> [Work request] When the word "mechanical" shows up in a line of the records below, copy that line.

***** Input

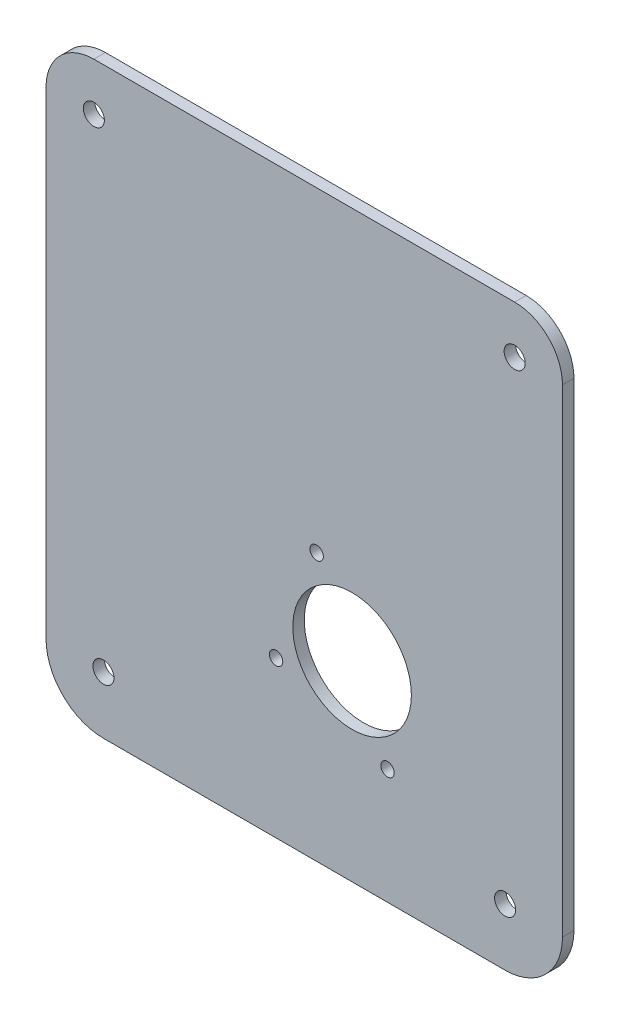
ISO-10303-21;
HEADER;
FILE_DESCRIPTION(('STEP AP214'),'2;1');
FILE_NAME('part.step','',(''),(''),'','','');
FILE_SCHEMA(('AUTOMOTIVE_DESIGN { 1 0 10303 214 1 1 1 1 }'));
ENDSEC;
DATA;
#1=APPLICATION_CONTEXT('core data for automotive mechanical design processes');
#2=APPLICATION_PROTOCOL_DEFINITION('international standard','automotive_design',2000,#1);
#3=PRODUCT_CONTEXT('',#1,'mechanical');
#4=PRODUCT('Part','Part','',(#3));
#5=PRODUCT_RELATED_PRODUCT_CATEGORY('part','',(#4));
#6=PRODUCT_DEFINITION_FORMATION('','',#4);
#7=PRODUCT_DEFINITION_CONTEXT('part definition',#1,'design');
#8=PRODUCT_DEFINITION('design','',#6,#7);
#9=PRODUCT_DEFINITION_SHAPE('','',#8);
#10=(LENGTH_UNIT() NAMED_UNIT(*) SI_UNIT(.MILLI.,.METRE.));
#11=(NAMED_UNIT(*) PLANE_ANGLE_UNIT() SI_UNIT($,.RADIAN.));
#12=(NAMED_UNIT(*) SI_UNIT($,.STERADIAN.) SOLID_ANGLE_UNIT());
#13=UNCERTAINTY_MEASURE_WITH_UNIT(LENGTH_MEASURE(1.E-05),#10,'distance_accuracy_value','');
#14=(GEOMETRIC_REPRESENTATION_CONTEXT(3) GLOBAL_UNCERTAINTY_ASSIGNED_CONTEXT((#13)) GLOBAL_UNIT_ASSIGNED_CONTEXT((#10,
#11,#12)) REPRESENTATION_CONTEXT('',''));
#15=CARTESIAN_POINT('',(0.,0.,0.));
#16=DIRECTION('',(0.,0.,1.));
#17=DIRECTION('',(1.,0.,0.));
#18=AXIS2_PLACEMENT_3D('',#15,#16,#17);
#19=CARTESIAN_POINT('',(-67.5,90.,3.));
#20=DIRECTION('',(0.,0.,1.));
#21=DIRECTION('',(1.,0.,0.));
#22=AXIS2_PLACEMENT_3D('',#19,#20,#21);
#23=PLANE('',#22);
#24=CARTESIAN_POINT('',(42.5,90.,3.));
#25=DIRECTION('',(0.,0.,-1.));
#26=DIRECTION('',(-1.,0.,0.));
#27=AXIS2_PLACEMENT_3D('',#24,#25,#26);
#28=CIRCLE('',#27,2.75);
#29=CARTESIAN_POINT('',(39.75,90.,3.));
#30=VERTEX_POINT('',#29);
#31=EDGE_CURVE('E195',#30,#30,#28,.T.);
#32=ORIENTED_EDGE('',*,*,#31,.T.);
#33=EDGE_LOOP('',(#32));
#34=FACE_BOUND('',#33,.T.);
#35=CARTESIAN_POINT('',(9.2639234006337,-19.8665478437295,3.));
#36=DIRECTION('',(0.,0.,1.));
#37=DIRECTION('',(1.,0.,0.));
#38=AXIS2_PLACEMENT_3D('',#35,#36,#37);
#39=CIRCLE('',#38,1.75);
#40=CARTESIAN_POINT('',(11.0139234006337,-19.8665478437295,3.));
#41=VERTEX_POINT('',#40);
#42=EDGE_CURVE('E191',#41,#41,#39,.T.);
#43=ORIENTED_EDGE('',*,*,#42,.F.);
#44=EDGE_LOOP('',(#43));
#45=FACE_BOUND('',#44,.T.);
#46=CARTESIAN_POINT('',(-9.2639234006337,19.8665478437294,3.));
#47=DIRECTION('',(0.,0.,1.));
#48=DIRECTION('',(1.,0.,0.));
#49=AXIS2_PLACEMENT_3D('',#46,#47,#48);
#50=CIRCLE('',#49,1.75);
#51=CARTESIAN_POINT('',(-7.5139234006337,19.8665478437294,3.));
#52=VERTEX_POINT('',#51);
#53=EDGE_CURVE('E198',#52,#52,#50,.T.);
#54=ORIENTED_EDGE('',*,*,#53,.F.);
#55=EDGE_LOOP('',(#54));
#56=FACE_BOUND('',#55,.T.);
#57=CARTESIAN_POINT('',(-19.8665478437295,-9.2639234006337,3.));
#58=DIRECTION('',(0.,0.,1.));
#59=DIRECTION('',(1.,0.,0.));
#60=AXIS2_PLACEMENT_3D('',#57,#58,#59);
#61=CIRCLE('',#60,1.75);
#62=CARTESIAN_POINT('',(-18.1165478437295,-9.2639234006337,3.));
#63=VERTEX_POINT('',#62);
#64=EDGE_CURVE('E204',#63,#63,#61,.T.);
#65=ORIENTED_EDGE('',*,*,#64,.F.);
#66=EDGE_LOOP('',(#65));
#67=FACE_BOUND('',#66,.T.);
#68=CARTESIAN_POINT('',(0.,0.,3.));
#69=DIRECTION('',(0.,0.,1.));
#70=DIRECTION('',(1.,0.,0.));
#71=AXIS2_PLACEMENT_3D('',#68,#69,#70);
#72=CIRCLE('',#71,15.5);
#73=CARTESIAN_POINT('',(15.5,0.,3.));
#74=VERTEX_POINT('',#73);
#75=EDGE_CURVE('E185',#74,#74,#72,.T.);
#76=ORIENTED_EDGE('',*,*,#75,.F.);
#77=EDGE_LOOP('',(#76));
#78=FACE_BOUND('',#77,.T.);
#79=CARTESIAN_POINT('',(-67.5,90.,3.));
#80=DIRECTION('',(0.,0.,1.));
#81=DIRECTION('',(1.,0.,0.));
#82=AXIS2_PLACEMENT_3D('',#79,#80,#81);
#83=CIRCLE('',#82,12.5);
#84=CARTESIAN_POINT('',(-67.5,102.5,3.));
#85=VERTEX_POINT('',#84);
#86=CARTESIAN_POINT('',(-80.,90.,3.));
#87=VERTEX_POINT('',#86);
#88=EDGE_CURVE('E151',#85,#87,#83,.T.);
#89=ORIENTED_EDGE('',*,*,#88,.T.);
#90=DIRECTION('',(0.,-1.,0.));
#91=VECTOR('',#90,1.);
#92=CARTESIAN_POINT('',(-80.,-35.,3.));
#93=LINE('',#92,#91);
#94=CARTESIAN_POINT('',(-80.,-35.,3.));
#95=VERTEX_POINT('',#94);
#96=EDGE_CURVE('E99',#87,#95,#93,.T.);
#97=ORIENTED_EDGE('',*,*,#96,.T.);
#98=CARTESIAN_POINT('',(-65.,-35.,3.));
#99=DIRECTION('',(0.,0.,1.));
#100=DIRECTION('',(-1.,0.,0.));
#101=AXIS2_PLACEMENT_3D('',#98,#99,#100);
#102=CIRCLE('',#101,15.);
#103=CARTESIAN_POINT('',(-65.,-50.,3.));
#104=VERTEX_POINT('',#103);
#105=EDGE_CURVE('E166',#95,#104,#102,.T.);
#106=ORIENTED_EDGE('',*,*,#105,.T.);
#107=DIRECTION('',(1.,0.,0.));
#108=VECTOR('',#107,1.);
#109=CARTESIAN_POINT('',(40.,-50.,3.));
#110=LINE('',#109,#108);
#111=CARTESIAN_POINT('',(40.,-50.,3.));
#112=VERTEX_POINT('',#111);
#113=EDGE_CURVE('E179',#104,#112,#110,.T.);
#114=ORIENTED_EDGE('',*,*,#113,.T.);
#115=CARTESIAN_POINT('',(40.,-35.,3.));
#116=DIRECTION('',(0.,0.,1.));
#117=DIRECTION('',(-1.,0.,0.));
#118=AXIS2_PLACEMENT_3D('',#115,#116,#117);
#119=CIRCLE('',#118,15.);
#120=CARTESIAN_POINT('',(55.,-35.,3.));
#121=VERTEX_POINT('',#120);
#122=EDGE_CURVE('E118',#112,#121,#119,.T.);
#123=ORIENTED_EDGE('',*,*,#122,.T.);
#124=DIRECTION('',(0.,1.,0.));
#125=VECTOR('',#124,1.);
#126=CARTESIAN_POINT('',(55.,90.,3.));
#127=LINE('',#126,#125);
#128=CARTESIAN_POINT('',(55.,90.,3.));
#129=VERTEX_POINT('',#128);
#130=EDGE_CURVE('E112',#121,#129,#127,.T.);
#131=ORIENTED_EDGE('',*,*,#130,.T.);
#132=CARTESIAN_POINT('',(42.5,90.,3.));
#133=DIRECTION('',(0.,0.,1.));
#134=DIRECTION('',(-1.,0.,0.));
#135=AXIS2_PLACEMENT_3D('',#132,#133,#134);
#136=CIRCLE('',#135,12.5);
#137=CARTESIAN_POINT('',(42.5,102.5,3.));
#138=VERTEX_POINT('',#137);
#139=EDGE_CURVE('E116',#129,#138,#136,.T.);
#140=ORIENTED_EDGE('',*,*,#139,.T.);
#141=DIRECTION('',(-1.,0.,0.));
#142=VECTOR('',#141,1.);
#143=CARTESIAN_POINT('',(-67.5,102.5,3.));
#144=LINE('',#143,#142);
#145=EDGE_CURVE('E56',#138,#85,#144,.T.);
#146=ORIENTED_EDGE('',*,*,#145,.T.);
#147=EDGE_LOOP('',(#89,#97,#106,#114,#123,#131,#140,#146));
#148=FACE_BOUND('',#147,.T.);
#149=CARTESIAN_POINT('',(-65.,-35.,3.));
#150=DIRECTION('',(0.,0.,-1.));
#151=DIRECTION('',(-1.,0.,0.));
#152=AXIS2_PLACEMENT_3D('',#149,#150,#151);
#153=CIRCLE('',#152,2.75);
#154=CARTESIAN_POINT('',(-67.75,-35.,3.));
#155=VERTEX_POINT('',#154);
#156=EDGE_CURVE('E214',#155,#155,#153,.T.);
#157=ORIENTED_EDGE('',*,*,#156,.T.);
#158=EDGE_LOOP('',(#157));
#159=FACE_BOUND('',#158,.T.);
#160=CARTESIAN_POINT('',(-67.5,90.,3.));
#161=DIRECTION('',(0.,0.,-1.));
#162=DIRECTION('',(-1.,0.,0.));
#163=AXIS2_PLACEMENT_3D('',#160,#161,#162);
#164=CIRCLE('',#163,2.75);
#165=CARTESIAN_POINT('',(-70.25,90.,3.));
#166=VERTEX_POINT('',#165);
#167=EDGE_CURVE('E220',#166,#166,#164,.T.);
#168=ORIENTED_EDGE('',*,*,#167,.T.);
#169=EDGE_LOOP('',(#168));
#170=FACE_BOUND('',#169,.T.);
#171=CARTESIAN_POINT('',(40.,-35.,3.));
#172=DIRECTION('',(0.,0.,-1.));
#173=DIRECTION('',(-1.,0.,0.));
#174=AXIS2_PLACEMENT_3D('',#171,#172,#173);
#175=CIRCLE('',#174,2.75);
#176=CARTESIAN_POINT('',(37.25,-35.,3.));
#177=VERTEX_POINT('',#176);
#178=EDGE_CURVE('E226',#177,#177,#175,.T.);
#179=ORIENTED_EDGE('',*,*,#178,.T.);
#180=EDGE_LOOP('',(#179));
#181=FACE_BOUND('',#180,.T.);
#182=ADVANCED_FACE('F39',(#34,#45,#56,#67,#78,#148,#159,#170,#181),#23,.T.);
#183=CARTESIAN_POINT('',(-67.5,90.,0.));
#184=DIRECTION('',(0.,0.,1.));
#185=DIRECTION('',(1.,0.,0.));
#186=AXIS2_PLACEMENT_3D('',#183,#184,#185);
#187=PLANE('',#186);
#188=CARTESIAN_POINT('',(-67.5,90.,0.));
#189=DIRECTION('',(0.,0.,-1.));
#190=DIRECTION('',(-1.,0.,0.));
#191=AXIS2_PLACEMENT_3D('',#188,#189,#190);
#192=CIRCLE('',#191,2.74999999999999);
#193=CARTESIAN_POINT('',(-70.25,90.,0.));
#194=VERTEX_POINT('',#193);
#195=EDGE_CURVE('E223',#194,#194,#192,.T.);
#196=ORIENTED_EDGE('',*,*,#195,.F.);
#197=EDGE_LOOP('',(#196));
#198=FACE_BOUND('',#197,.T.);
#199=CARTESIAN_POINT('',(-65.,-35.,0.));
#200=DIRECTION('',(0.,0.,-1.));
#201=DIRECTION('',(-1.,0.,0.));
#202=AXIS2_PLACEMENT_3D('',#199,#200,#201);
#203=CIRCLE('',#202,2.74999999999999);
#204=CARTESIAN_POINT('',(-67.75,-35.,0.));
#205=VERTEX_POINT('',#204);
#206=EDGE_CURVE('E217',#205,#205,#203,.T.);
#207=ORIENTED_EDGE('',*,*,#206,.F.);
#208=EDGE_LOOP('',(#207));
#209=FACE_BOUND('',#208,.T.);
#210=CARTESIAN_POINT('',(9.2639234006337,-19.8665478437295,0.));
#211=DIRECTION('',(0.,0.,1.));
#212=DIRECTION('',(1.,0.,0.));
#213=AXIS2_PLACEMENT_3D('',#210,#211,#212);
#214=CIRCLE('',#213,1.75);
#215=CARTESIAN_POINT('',(11.0139234006337,-19.8665478437295,0.));
#216=VERTEX_POINT('',#215);
#217=EDGE_CURVE('E194',#216,#216,#214,.T.);
#218=ORIENTED_EDGE('',*,*,#217,.T.);
#219=EDGE_LOOP('',(#218));
#220=FACE_BOUND('',#219,.T.);
#221=CARTESIAN_POINT('',(-9.2639234006337,19.8665478437294,0.));
#222=DIRECTION('',(0.,0.,1.));
#223=DIRECTION('',(1.,0.,0.));
#224=AXIS2_PLACEMENT_3D('',#221,#222,#223);
#225=CIRCLE('',#224,1.75);
#226=CARTESIAN_POINT('',(-7.5139234006337,19.8665478437294,0.));
#227=VERTEX_POINT('',#226);
#228=EDGE_CURVE('E201',#227,#227,#225,.T.);
#229=ORIENTED_EDGE('',*,*,#228,.T.);
#230=EDGE_LOOP('',(#229));
#231=FACE_BOUND('',#230,.T.);
#232=CARTESIAN_POINT('',(-19.8665478437295,-9.2639234006337,0.));
#233=DIRECTION('',(0.,0.,1.));
#234=DIRECTION('',(1.,0.,0.));
#235=AXIS2_PLACEMENT_3D('',#232,#233,#234);
#236=CIRCLE('',#235,1.75);
#237=CARTESIAN_POINT('',(-18.1165478437295,-9.2639234006337,0.));
#238=VERTEX_POINT('',#237);
#239=EDGE_CURVE('E188',#238,#238,#236,.T.);
#240=ORIENTED_EDGE('',*,*,#239,.T.);
#241=EDGE_LOOP('',(#240));
#242=FACE_BOUND('',#241,.T.);
#243=CARTESIAN_POINT('',(0.,0.,0.));
#244=DIRECTION('',(0.,0.,1.));
#245=DIRECTION('',(1.,0.,0.));
#246=AXIS2_PLACEMENT_3D('',#243,#244,#245);
#247=CIRCLE('',#246,15.5);
#248=CARTESIAN_POINT('',(15.5,0.,0.));
#249=VERTEX_POINT('',#248);
#250=EDGE_CURVE('E140',#249,#249,#247,.T.);
#251=ORIENTED_EDGE('',*,*,#250,.T.);
#252=EDGE_LOOP('',(#251));
#253=FACE_BOUND('',#252,.T.);
#254=CARTESIAN_POINT('',(-67.5,90.,0.));
#255=DIRECTION('',(0.,0.,1.));
#256=DIRECTION('',(1.,0.,0.));
#257=AXIS2_PLACEMENT_3D('',#254,#255,#256);
#258=CIRCLE('',#257,12.5);
#259=CARTESIAN_POINT('',(-67.5,102.5,0.));
#260=VERTEX_POINT('',#259);
#261=CARTESIAN_POINT('',(-80.,90.,0.));
#262=VERTEX_POINT('',#261);
#263=EDGE_CURVE('E136',#260,#262,#258,.T.);
#264=ORIENTED_EDGE('',*,*,#263,.F.);
#265=DIRECTION('',(-1.,0.,0.));
#266=VECTOR('',#265,1.);
#267=CARTESIAN_POINT('',(-67.5,102.5,0.));
#268=LINE('',#267,#266);
#269=CARTESIAN_POINT('',(42.5,102.5,0.));
#270=VERTEX_POINT('',#269);
#271=EDGE_CURVE('E91',#270,#260,#268,.T.);
#272=ORIENTED_EDGE('',*,*,#271,.F.);
#273=CARTESIAN_POINT('',(42.5,90.,0.));
#274=DIRECTION('',(0.,0.,1.));
#275=DIRECTION('',(-1.,0.,0.));
#276=AXIS2_PLACEMENT_3D('',#273,#274,#275);
#277=CIRCLE('',#276,12.5);
#278=CARTESIAN_POINT('',(55.,90.,0.));
#279=VERTEX_POINT('',#278);
#280=EDGE_CURVE('E85',#279,#270,#277,.T.);
#281=ORIENTED_EDGE('',*,*,#280,.F.);
#282=DIRECTION('',(0.,1.,0.));
#283=VECTOR('',#282,1.);
#284=CARTESIAN_POINT('',(55.,90.,0.));
#285=LINE('',#284,#283);
#286=CARTESIAN_POINT('',(55.,-35.,0.));
#287=VERTEX_POINT('',#286);
#288=EDGE_CURVE('E126',#287,#279,#285,.T.);
#289=ORIENTED_EDGE('',*,*,#288,.F.);
#290=CARTESIAN_POINT('',(40.,-35.,0.));
#291=DIRECTION('',(0.,0.,1.));
#292=DIRECTION('',(-1.,0.,0.));
#293=AXIS2_PLACEMENT_3D('',#290,#291,#292);
#294=CIRCLE('',#293,15.);
#295=CARTESIAN_POINT('',(40.,-50.,0.));
#296=VERTEX_POINT('',#295);
#297=EDGE_CURVE('E146',#296,#287,#294,.T.);
#298=ORIENTED_EDGE('',*,*,#297,.F.);
#299=DIRECTION('',(1.,0.,0.));
#300=VECTOR('',#299,1.);
#301=CARTESIAN_POINT('',(40.,-50.,0.));
#302=LINE('',#301,#300);
#303=CARTESIAN_POINT('',(-65.,-50.,0.));
#304=VERTEX_POINT('',#303);
#305=EDGE_CURVE('E144',#304,#296,#302,.T.);
#306=ORIENTED_EDGE('',*,*,#305,.F.);
#307=CARTESIAN_POINT('',(-65.,-35.,0.));
#308=DIRECTION('',(0.,0.,1.));
#309=DIRECTION('',(-1.,0.,0.));
#310=AXIS2_PLACEMENT_3D('',#307,#308,#309);
#311=CIRCLE('',#310,15.);
#312=CARTESIAN_POINT('',(-80.,-35.,0.));
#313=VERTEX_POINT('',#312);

**********

> [Output]
#1=APPLICATION_CONTEXT('core data for automotive mechanical design processes');
#3=PRODUCT_CONTEXT('',#1,'mechanical');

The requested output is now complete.